LAM/MPI logo

LAM/MPI General User's Mailing List Archives

  |   Home   |   Download   |   Documentation   |   FAQ   |   all just in this list

From: Josh Lehan (jlehan_at_[hidden])
Date: 2006-10-11 15:21:30


Hi. I sent this message to the lam-devel list a few days ago, but that
list appears dead. I'm assuming the developers have moved on to
OpenMPI. So, a repost here.

In LAM 7.1.2, I found a segfault in lamd when "lamhalt" is used to
tear down a LAM network.

It happens if the "tkill" executable is not found.
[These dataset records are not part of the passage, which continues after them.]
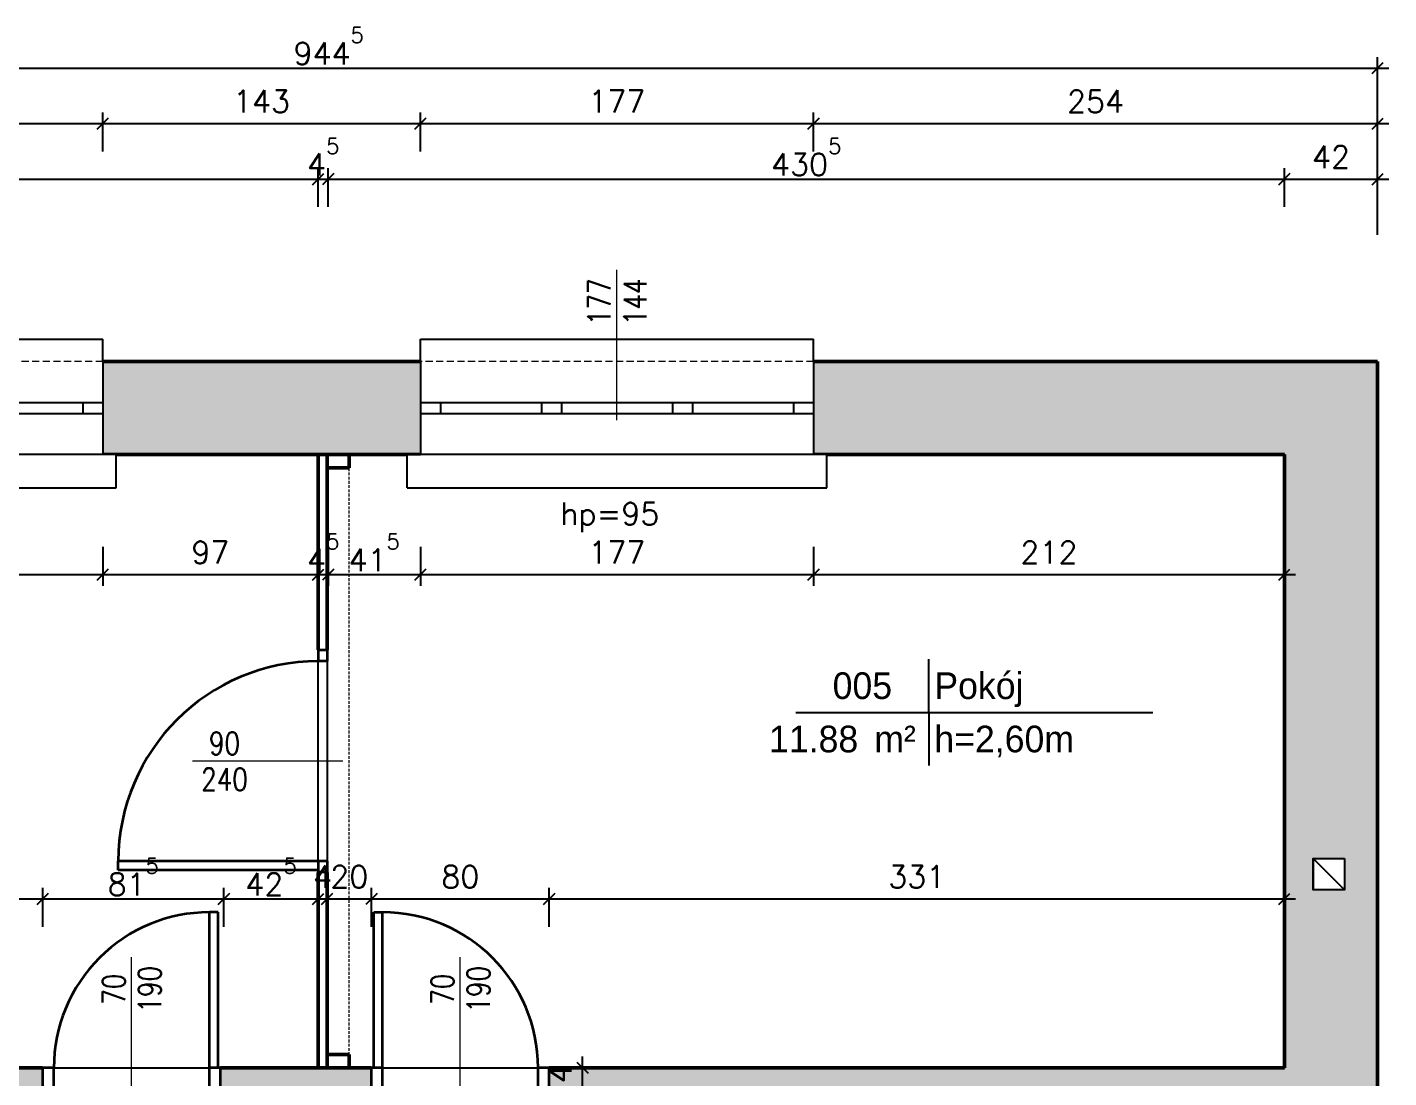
# Model space of a CAD drawing. Header units: centimetres. Extents: x -278 to 5400, y -923 to 511.
# Drawn here: x 2006 to 2619, y 38 to 511 of the extents above; entities that cross this region are included whole.
import ezdxf
from ezdxf.enums import TextEntityAlignment as Align

# ---------------------------------------------------------------- set-up
doc = ezdxf.new("R2010")
doc.units = ezdxf.units.CM
doc.header["$LTSCALE"] = 0.1
doc.linetypes.add('HIDDEN', pattern=[9.525, 6.35, -3.175])
doc.linetypes.add('HIDDENX2', pattern=[19.05, 12.7, -6.35])
for name, color, linetype, lineweight in [('2DA_DIM_5', 7, 'Continuous', 5), ('2DA_DOOR', 7, 'Continuous', 35), ('2DA_HIDDE', 253, 'HIDDEN', 9), ('2DA_OBV', 252, 'Continuous', 25), ('2DA_OPIS_STOLARKI', 113, 'Continuous', 9), ('2DA_PARAPET', 153, 'Continuous', 9), ('2DA_POMIESZCZENIA', 7, 'Continuous', 25), ('2DA_WAL_ISTN', 31, 'Continuous', 50), ('2DA_WAL_ISTN_NIEWIDOCZNE', 7, 'HIDDENX2', 9), ('2DA_WIN', 7, 'Continuous', 25), ('CP_DOORON', 253, 'Continuous', 35), ('CP_DOORSILL', 252, 'Continuous', 25)]:
    doc.layers.add(name, color=color, linetype=linetype, lineweight=lineweight)
doc.layers.add('2DA_ROOM', color=1, linetype='Continuous', plot=False)
doc.layers.add('_A_AK_hatch_sciany', color=8, linetype='Continuous', lineweight=5, transparency=0.5)
doc.layers.add('CP_UCSSPEC', color=2, linetype='Continuous')
doc.layers.add('CP_WIPEOUT', color=255, linetype='Continuous')
doc.layers.get('CP_UCSSPEC').off()
doc.styles.add('CP_ATTR', font='ROMANS.SHX')
doc.styles.add('CP_ISOTXT', font='cp_isocp.shx')
doc.styles.add('CP_TXT', font='ROMANS.SHX')
doc.dimstyles.new('CP_ADIM_CM_CM_50', dxfattribs={"dimscale": 5, "dimtxt": 3, "dimasz": 1.5, "dimexe": 1.5, "dimexo": 0, "dimgap": 1.5, "dimtad": 1, "dimtxsty": 'CP_TXT', "dimblk": 'OBLIQUE', "dimcen": 2.5, "dimdle": 1.5, "dimadec": 0, "dimazin": 0, "dimtfac": 1, "dimtix": 1, "dimtmove": 2, "dimatfit": 3, "dimfxl": 1, "dimtvp": 1.5, "dimarcsym": 0})

# ---------------------------------------------------------------- blocks, each defined once
blk = doc.blocks.new('2arch_d008_a40_a40_5k0smh5')
at = {"linetype": 'ByBlock', "style": 'CP_ATTR', "flags": 9}
for tag, p in [('CHARACTER', (-6.97, -0.02)), ('PRODUCER', (-6.97, -0.02)), ('ORDER-NO', (-6.97, -0.02)), ('PRODUCT-TYPE', (-6.97, -0.02)), ('ARTICLE', (-6.97, -0.02)), ('GROUP', (-6.97, -0.02)), ('NUMBER', (-6.97, -0.02)), ('NAME', (-6.97, -0.02)), ('OTHER', (-6.96, -0.02))]:
    blk.add_attdef(tag, text='', height=0.00005, dxfattribs=at).set_placement(p, align=Align.MIDDLE_LEFT)
blk.add_wipeout([(-7, 13), (7, 13), (7, 27), (-7, 27)]).dxf.layer = 'CP_WIPEOUT'
for p, q in [((-7, 13), (7, 27)), ((-7, 13), (-7, 13)), ((-7, 13), (7, 13)), ((7, 13), (7, 13))]:
    blk.add_line(p, q)
blk.add_lwpolyline([(-7, 27), (7, 27), (7, 13), (-7, 13)], close=True)
blk = doc.blocks.new('cp_ucs2d')
at = {"layer": 'Defpoints'}
blk.add_line((0, 0), (0, 0), dxfattribs=at)
blk.add_point((0, 0), dxfattribs=at)
blk = doc.blocks.new('2arch_d257a240000abn_z5rtxxo')
blk.add_wipeout([(-88.5, 52), (-88.5, 42), (-88.5, 42), (-88.5, 23.5), (-88.5, 23.5), (-88.5, 18.5), (-88.5, 0), (-94.5, 0), (-94.5, -15), (94.5, -15), (94.5, 0), (88.5, 0), (88.5, 18.5), (88.5, 23.5), (88.5, 23.5), (88.5, 42), (88.5, 42), (88.5, 52)]).dxf.layer = 'CP_WIPEOUT'
for p, q in [((-88.5, 42), (-88.5, 52)), ((-88.5, 52), (88.5, 52)), ((88.5, 42), (88.5, 52)), ((-88.5, 42), (-88.5, 23.5)), ((-88.5, 42), (-88.5, 42)), ((88.5, 42), (88.5, 42)), ((88.5, 42), (88.5, 23.5)), ((-88.5, 23.5), (88.5, 23.5)), ((-88.5, 23.5), (-88.5, 18.5)), ((-88.5, 18.5), (88.5, 18.5)), ((-88.5, 18.5), (-88.5, 0)), ((-79.5, 23.5), (-79.5, 18.5)), ((-34, 23.5), (-34, 18.5)), ((-25, 23.5), (-25, 18.5)), ((25, 23.5), (25, 18.5)), ((34, 23.5), (34, 18.5)), ((79.5, 23.5), (79.5, 18.5)), ((88.5, 23.5), (88.5, 18.5)), ((88.5, 18.5), (88.5, 0)), ((-94.5, 0), (-88.5, 0)), ((-94.5, -15), (-94.5, 0)), ((94.5, 0), (88.5, 0)), ((94.5, -15), (94.5, 0)), ((-94.5, -15), (94.5, -15))]:
    blk.add_line(p, q)
at = {"layer": '2DA_HIDDE', "ltscale": 5}
for p, q in [((88.5, 42), (-88.5, 42)), ((-88.5, 0), (88.5, 0))]:
    blk.add_line(p, q, dxfattribs=at)
at = {"layer": 'CP_UCSSPEC'}
blk.add_blockref('cp_ucs2d', (0, 21), dxfattribs=at)
at = {"linetype": 'ByBlock', "style": 'CP_ATTR', "flags": 9}
for tag, p in [('PRICE', (0.95, -0.09)), ('WEIGHT', (0.95, -0.09)), ('ARTICLE', (0.95, -0.09)), ('PRODUCER', (0.95, -0.09)), ('GROUP', (0.95, -0.09)), ('OTHER', (0.96, -0.09)), ('CHARACTER', (0.96, -0.09)), ('ORDER-NO', (0.96, -0.09)), ('PRODUCT-TYPE', (0.96, -0.09)), ('NUMBER', (0.96, -0.09)), ('NAME', (0.96, -0.09))]:
    blk.add_attdef(tag, text='', height=0.00005, dxfattribs=at).set_placement(p, align=Align.MIDDLE_LEFT)
blk = doc.blocks.new('2da_aoz01a')
blk.add_line((0, 1.261), (0, -4.388))
at = {"linetype": 'ByBlock', "style": 'CP_ATTR', "width": 0.8, "flags": 8}
blk.add_attdef('HEIGHT', text='', height=0.85, rotation=270, dxfattribs=at).set_placement((-0.68, -3.183), align=Align.MIDDLE)
blk.add_attdef('WIDTH', text='', height=0.85, rotation=270, dxfattribs=at).set_placement((0.668, -3.183), align=Align.MIDDLE_CENTER)
blk = doc.blocks.new('Parch_d070_205a_5s35pur')
at = {"layer": 'CP_DOORON'}
blk.add_line((-39, -70), (-35, -70), dxfattribs=at)
blk.add_wipeout([(-40, 18), (40, 18), (40, -4), (-40, -4)]).dxf.layer = 'CP_WIPEOUT'
for p, q in [((-40, 14), (-40, 0)), ((40, 14), (40, 0)), ((-40, 9.5), (-35, 9.5)), ((-40, 9.5), (-40, 0)), ((-35, 9.5), (-35, 0)), ((35, 9.5), (40, 9.5)), ((35, 9.5), (35, 0)), ((40, 9.5), (40, 0)), ((-40, 0), (-35, 0)), ((35, 0), (40, 0))]:
    blk.add_line(p, q)
for p, q in [((-39, 0), (-39, -70)), ((-35, 0), (-35, -70))]:
    blk.add_line(p, q, dxfattribs=at)
blk.add_arc((-35, 0), 70, 270, 0, dxfattribs=at)
at = {"layer": 'CP_DOORSILL'}
for p, q in [((-40, 14), (-40, 14)), ((40, 14), (40, 14)), ((-40, 0), (-40, 0)), ((40, 0), (40, 0))]:
    blk.add_line(p, q, dxfattribs=at)
at = {"layer": 'CP_UCSSPEC'}
blk.add_blockref('cp_ucs2d', (0, 7), dxfattribs=at)
at = {"linetype": 'ByBlock', "style": 'CP_ATTR', "flags": 9}
for tag in ['OTHER', 'PRICE', 'WEIGHT', 'CHARACTER', 'ORDER-NO', 'PRODUCT-TYPE', 'ARTICLE', 'PRODUCER', 'NUMBER', 'GROUP', 'NAME']:
    blk.add_attdef(tag, text='', height=0.00005, dxfattribs=at).set_placement((-0.16, -0.02), align=Align.MIDDLE_LEFT)
blk = doc.blocks.new('Parch_d070_205a_v26t1x')
at = {"layer": 'CP_DOORON'}
blk.add_line((39, -70), (35, -70), dxfattribs=at)
blk.add_wipeout([(-40, 18), (40, 18), (40, -4), (-40, -4)]).dxf.layer = 'CP_WIPEOUT'
for p, q in [((-40, 14), (-40, 0)), ((40, 14), (40, 0)), ((-40, 9.5), (-35, 9.5)), ((-40, 9.5), (-40, 0)), ((-35, 9.5), (-35, 0)), ((35, 9.5), (40, 9.5)), ((35, 9.5), (35, 0)), ((40, 9.5), (40, 0)), ((-40, 0), (-35, 0)), ((35, 0), (40, 0))]:
    blk.add_line(p, q)
for p, q in [((35, 0), (35, -70)), ((39, 0), (39, -70))]:
    blk.add_line(p, q, dxfattribs=at)
blk.add_arc((35, 0), 70, 180, 270, dxfattribs=at)
at = {"layer": 'CP_DOORSILL'}
for p, q in [((-40, 14), (-40, 14)), ((40, 14), (40, 14)), ((-40, 0), (-40, 0)), ((40, 0), (40, 0))]:
    blk.add_line(p, q, dxfattribs=at)
at = {"layer": 'CP_UCSSPEC'}
blk.add_blockref('cp_ucs2d', (0, 7), dxfattribs=at)
at = {"linetype": 'ByBlock', "style": 'CP_ATTR', "flags": 9}
for tag in ['OTHER', 'PRICE', 'WEIGHT', 'CHARACTER', 'ORDER-NO', 'PRODUCT-TYPE', 'ARTICLE', 'PRODUCER', 'NUMBER', 'GROUP', 'NAME']:
    blk.add_attdef(tag, text='', height=0.00005, dxfattribs=at).set_placement((-0.16, -0.02), align=Align.MIDDLE_LEFT)
blk = doc.blocks.new('2da_aoz02a')
blk.add_line((0, -1.261), (0, 4.388))
at = {"linetype": 'ByBlock', "style": 'CP_ATTR', "width": 0.8, "flags": 8}
blk.add_attdef('HEIGHT', text='', height=0.85, rotation=270, dxfattribs=at).set_placement((-0.68, 3.183), align=Align.MIDDLE)
at = {"linetype": 'ByBlock', "style": 'CP_ATTR', "width": 0.8}
blk.add_attdef('WIDTH', text='', height=0.85, rotation=270, dxfattribs=at).set_placement((0.668, 3.183), align=Align.MIDDLE_CENTER)
blk = doc.blocks.new('Parch_d090_205a_5p2hzzv')
at = {"layer": 'CP_DOORON'}
blk.add_line((49, -90), (45, -90), dxfattribs=at)
blk.add_wipeout([(-50, 8), (50, 8), (50, -4), (-50, -4)]).dxf.layer = 'CP_WIPEOUT'
for p, q in [((-50, 4), (-45, 4)), ((-50, 4), (-50, 0)), ((-50, 4), (-50, 0)), ((-50, 0), (-45, 0)), ((-45, 4), (-45, 0)), ((45, 4), (50, 4)), ((45, 4), (45, 0)), ((45, 0), (50, 0)), ((50, 4), (50, 0)), ((50, 4), (50, 0))]:
    blk.add_line(p, q)
for p, q in [((45, 0), (45, -90)), ((49, 0), (49, -90))]:
    blk.add_line(p, q, dxfattribs=at)
blk.add_arc((45, 0), 90, 180, 270, dxfattribs=at)
at = {"layer": 'CP_DOORSILL'}
for p, q in [((-50, 4), (-50, 4)), ((-50, 0), (-50, 0)), ((50, 4), (50, 4)), ((50, 0), (50, 0))]:
    blk.add_line(p, q, dxfattribs=at)
at = {"layer": 'CP_UCSSPEC'}
blk.add_blockref('cp_ucs2d', (0, 2), dxfattribs=at)
at = {"linetype": 'ByBlock', "style": 'CP_ATTR', "flags": 9}
for tag in ['OTHER', 'PRICE', 'WEIGHT', 'CHARACTER', 'ORDER-NO', 'PRODUCT-TYPE', 'ARTICLE', 'PRODUCER', 'NUMBER', 'GROUP', 'NAME']:
    blk.add_attdef(tag, text='', height=0.00005, dxfattribs=at).set_placement((-0.2, -0.02), align=Align.MIDDLE_LEFT)
blk = doc.blocks.new('2da_pok06c_6fduy4')
for p, q in [((0, 0), (0, 2)), ((-5, 0), (8.4, 0)), ((0, 0), (0, -0.5)), ((0, -0.5), (0, -2))]:
    blk.add_line(p, q)
at = {"linetype": 'ByBlock', "style": 'CP_ISOTXT'}
blk.add_attdef('NR', text='', height=1, dxfattribs=at).set_placement((-2.5, 1), align=Align.MIDDLE_CENTER)
blk.add_attdef('NAME', (0.2, 0.5), '', height=1, dxfattribs=at)
at = {"style": 'CP_ISOTXT', "flags": 1}
for tag, p in [('FLOOR_MAT', (-0.97, 0.229)), ('UNIT_AIR_IN', (-0.968, 0.395)), ('MAX_USERS', (-0.966, 0.186)), ('HEATING', (-0.947, 0.289)), ('AIR_IN', (-0.923, 0.346)), ('UNIT_HEATING', (-0.908, 0.46)), ('HEIGHT', (-0.697, 0.297)), ('AIR_OUT', (-0.672, 0.349)), ('TEMP', (-0.612, 0.229)), ('UNIT_AIR_OUT', (-0.607, 0.397)), ('UNIT_MAX_USERS', (-0.58, 0.188)), ('UNIT_LUX', (-0.568, 0.431)), ('UNIT_HEIGHT', (-0.522, 0.455)), ('LUX', (-0.45, 0.3)), ('UNIT_TEMP', (-0.431, 0.229))]:
    blk.add_attdef(tag, p, '', height=0.025, dxfattribs=at)
at = {"linetype": 'ByBlock', "style": 'CP_ISOTXT'}
blk.add_attdef('AREA', text='', height=1, dxfattribs=at).set_placement((-2.655, -1.5), align=Align.RIGHT)
blk.add_attdef('UNIT_AREA', text='', height=1, dxfattribs=at).set_placement((-2.053, -1), align=Align.MIDDLE_LEFT)
for tag, p in [('TEXT02', (0.2, -0.5)), ('TEXT06', (0.2, -0.5)), ('0', (0.7, -0.5))]:
    blk.add_attdef(tag, text='', height=1, dxfattribs=at).set_placement(p, align=Align.TOP_LEFT)
blk = doc.blocks.new('_Oblique')
at = {"color": 0, "linetype": 'ByBlock', "lineweight": -2}
blk.add_line((-0.5, -0.5), (0.5, 0.5), dxfattribs=at)
blk = doc.blocks.new('*D471')
at = {"layer": '2DA_DIM_5', "color": 0, "lineweight": -2}
for p, q in [((1669.74, 468), (1669.74, 498)), ((2614.24, 468), (2614.24, 498)), ((1664.74, 493), (2619.24, 493))]:
    blk.add_line(p, q, dxfattribs=at)
at = {"layer": 'Defpoints', "color": 0}
for p in [(2614.24, 493), (1669.74, 468), (2614.24, 468)]:
    blk.add_point(p, dxfattribs=at)
at = {"layer": '2DA_DIM_5', "color": 0, "lineweight": -2, "xscale": 5, "yscale": 5, "zscale": 5, "rotation": 180}
blk.add_blockref('_Oblique', (1669.74, 493), dxfattribs=at)
at = {"layer": '2DA_DIM_5', "color": 0, "lineweight": -2, "xscale": 5, "yscale": 5, "zscale": 5}
blk.add_blockref('_Oblique', (2614.24, 493), dxfattribs=at)
at = {"layer": '2DA_DIM_5', "color": 0, "insert": (2141.99, 503), "char_height": 10, "attachment_point": 5, "style": 'CP_TXT'}
blk.add_mtext('944{\\A1;{\\H0.7x;\\S5^ ;}}', dxfattribs=at)
blk = doc.blocks.new('*D473')
at = {"layer": '2DA_DIM_5', "color": 0, "lineweight": -2}
for p, q in [((1863.24, 455.5), (1863.24, 473)), ((2040.24, 455.5), (2040.24, 473)), ((1858.24, 468), (2045.24, 468))]:
    blk.add_line(p, q, dxfattribs=at)
at = {"layer": 'Defpoints', "color": 0}
for p in [(2040.24, 468), (1863.24, 455.5), (2040.24, 455.5)]:
    blk.add_point(p, dxfattribs=at)
at = {"layer": '2DA_DIM_5', "color": 0, "lineweight": -2, "xscale": 5, "yscale": 5, "zscale": 5, "rotation": 180}
blk.add_blockref('_Oblique', (1863.24, 468), dxfattribs=at)
at = {"layer": '2DA_DIM_5', "color": 0, "lineweight": -2, "xscale": 5, "yscale": 5, "zscale": 5}
blk.add_blockref('_Oblique', (2040.24, 468), dxfattribs=at)
at = {"layer": '2DA_DIM_5', "color": 0, "insert": (1951.74, 478), "char_height": 10, "attachment_point": 5, "style": 'CP_TXT'}
blk.add_mtext('177', dxfattribs=at)
blk = doc.blocks.new('*D474')
at = {"layer": '2DA_DIM_5', "color": 0, "lineweight": -2}
for p, q in [((2040.24, 455.5), (2040.24, 473)), ((2183.24, 455.5), (2183.24, 473)), ((2035.24, 468), (2188.24, 468))]:
    blk.add_line(p, q, dxfattribs=at)
at = {"layer": 'Defpoints', "color": 0}
for p in [(2183.24, 468), (2040.24, 455.5), (2183.24, 455.5)]:
    blk.add_point(p, dxfattribs=at)
at = {"layer": '2DA_DIM_5', "color": 0, "lineweight": -2, "xscale": 5, "yscale": 5, "zscale": 5, "rotation": 180}
blk.add_blockref('_Oblique', (2040.24, 468), dxfattribs=at)
at = {"layer": '2DA_DIM_5', "color": 0, "lineweight": -2, "xscale": 5, "yscale": 5, "zscale": 5}
blk.add_blockref('_Oblique', (2183.24, 468), dxfattribs=at)
at = {"layer": '2DA_DIM_5', "color": 0, "insert": (2111.74, 478), "char_height": 10, "attachment_point": 5, "style": 'CP_TXT'}
blk.add_mtext('143', dxfattribs=at)
blk = doc.blocks.new('*D475')
at = {"layer": '2DA_DIM_5', "color": 0, "lineweight": -2}
for p, q in [((2183.24, 455.5), (2183.24, 473)), ((2360.24, 455.5), (2360.24, 473)), ((2178.24, 468), (2365.24, 468))]:
    blk.add_line(p, q, dxfattribs=at)
at = {"layer": 'Defpoints', "color": 0}
for p in [(2360.24, 468), (2183.24, 455.5), (2360.24, 455.5)]:
    blk.add_point(p, dxfattribs=at)
at = {"layer": '2DA_DIM_5', "color": 0, "lineweight": -2, "xscale": 5, "yscale": 5, "zscale": 5, "rotation": 180}
blk.add_blockref('_Oblique', (2183.24, 468), dxfattribs=at)
at = {"layer": '2DA_DIM_5', "color": 0, "lineweight": -2, "xscale": 5, "yscale": 5, "zscale": 5}
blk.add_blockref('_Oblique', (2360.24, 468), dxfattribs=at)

It's in the appropriately named function diediedie() in
otb/sys/haltd/haltd.c

I traced it out, and what's going on is this:

It's building a list of locations to search for "tkill", and passes that
to sfh_path_findv().

The result is the tkillpath string. It is not checked before passing it
along into sfh_argv_add() later, when it's building up a command line
for tkill to execute with.

Problem is, sfh_argv_add() can't accept a NULL string, as it attempts to
do strlen() on it, and segfaults there.

The underlying problem is that $PATH is not being searched correctly.

The sfh_path_findv() function will expand environment variables, so
$PATH gets expanded as /bin:/usr/bin:/whatever = not the correct
behaviour for $PATH. We need to further break up $PATH, and iterate
through each of its components.

I have a small patch that does this:

1) Use a different function, sfh_path_env_find(), which *does* correctly
break up $PATH, if tkillpath isn't found earlier.

2) If this also fails to find tkillpath, then punt, by doing exit(1).
There's nothing more that can be done anyway, as the execution of tkill
is guaranteed to fail if it can't be found. This exit call is what
would be done anyway if tkill's fork/exec fails.

This patch works for me, no more segfault.

Josh Lehan
Scyld

diff -urN OLD/lam-7.1.2/otb/sys/haltd/haltd.c NEW/lam-7.1.2/otb/sys/haltd/haltd.c
--- OLD/lam-7.1.2/otb/sys/haltd/haltd.c 2006-02-23 15:26:55.000000000 -0800
+++ NEW/lam-7.1.2/otb/sys/haltd/haltd.c 2006-10-06 21:05:42.000000000 -0700
@@ -214,8 +217,27 @@
   sfh_argv_add(&pathc, &pathv, "$LAMHOME/bin");
   sfh_argv_add(&pathc, &pathv, LAM_BINDIR);
 
- tkillpath = sfh_path_findv(fname, pathv, R_OK, environ);
+ tkillpath = sfh_path_findv(fname, pathv, X_OK, environ);
   sfh_argv_free(pathv);
+
+ if (NULL == tkillpath)
+ {
+ tkillpath = sfh_path_env_find(fname, X_OK);
+
+ if (NULL == tkillpath)
+ {
+ exit(1);
+ }
+ }
+
   sfh_argv_add(&argc, &argv, tkillpath);
 
   if (ao_taken(lam_daemon_optd, "d")) {